What is this bread that we do not know? This manna? That is my question?  And how do we get it? I think there is a clue in a famous scene in John’s Gospel.  When the apostles return to find Jesus talking with the Samaritan woman at the well, they offer Him something to eat, but Jesus tells them He has food to eat that they don’t know about.  And when they are puzzled by that, He explains:

“My food is to do the will of the one who sent me, and to complete His work…”
–John 4:34

I wonder if that doesn’t tell us something about Heavenly food, about manna, and also about the importance and the work of prayer. We tend to think about prayer as a way of filling our tank. We go to God in prayer so He can fill our spiritual tank up for the work we have to do, or the world we have to face, etc. etc.  We go to God because we need grace and we have a spiritual longing for the divine.  I certainly don’t deny any of that.  But, I also wonder if the paradox of prayer is that instead of filling us up, the real work of prayer is to empty us out.
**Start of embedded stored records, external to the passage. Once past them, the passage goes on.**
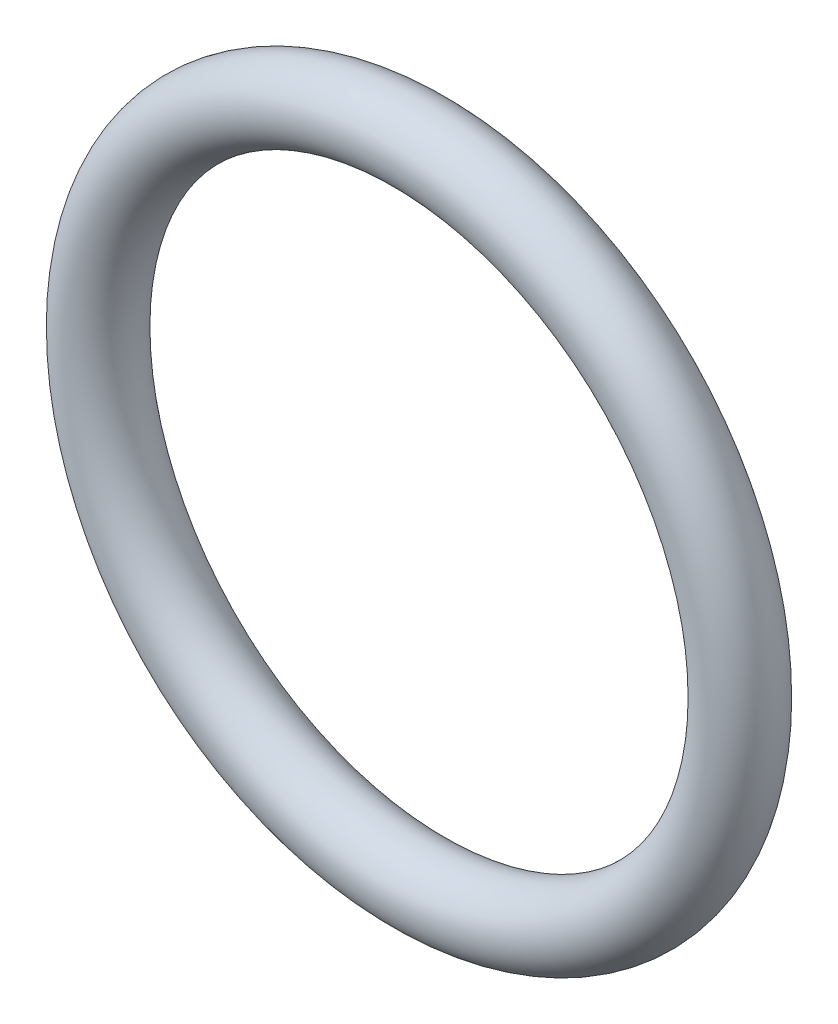
SolidWorks part; units mm, degrees
ref_plane "Front" through (0, 0, 0) normal (0, 0, 1) x (1, 0, 0)
ref_plane "Top" through (0, 0, 0) normal (0, 1, 0) x (1, 0, 0)
ref_plane "Right" through (0, 0, 0) normal (1, 0, 0) x (0, 0, -1)
sketch "Sketch1" plane through (0, 0, 0) normal (1, 0, 0) x (0, -1, 0)
  line L0 (0, -1.3081) -> (0, 1.3081) construction
  line L2 (-14.0399, 0) -> (14.0399, 0) construction
  line L3 (-10.1473, 0) -> (10.1473, 0) construction
  circle A0 centre (11.4554, 0) radius 1.3081
  point P9 (10.1473, 0)
  point P10 (12.7635, 0)
  point P13 (11.4554, 1.3081)
  point P14 (11.4554, -1.3081)
  dimension "Width" = 2.6162
  dimension "ID" = 20.2946
revolve "Revolve1" add sketch "Sketch1" angle 360 about L0

And that by emptying us it prepares us to be filled by the real food of God’s blessing; the real manna; that food that Jesus is talking about.  We go to prayer not to be filled, but to be emptied, so we can be made hungry for  the will of God, the work of God.  To be made ready for this meal, we have to be humbled, and perhaps a sign of this humility, of the process of being humbled is a growing hunger, a longing for something we cannot achieve on our own; something we cannot even imagine for ourselves: a food unknown to us and to our parents.
Like Abram, lead to a strange land, when we kneel in prayer we are emptied of all our earthly resources, all our powers and glories and achievements; humbled; we are emptied so that God can fill us with grace and make of us a blessing to the world –That is how we participate in the work of God. We pray not to be filled up, but to be emptied, so we can be fed by the work of God.
Want to know what work God has for you? Empty yourself in prayer. Let God afflict you with hunger through prayer. And then let God feed you with the food that Christ spoke of: the Work of God. 

Are you listening, Mr. Sutter?  Put down those chips and that bowl of dip, something better awaits you.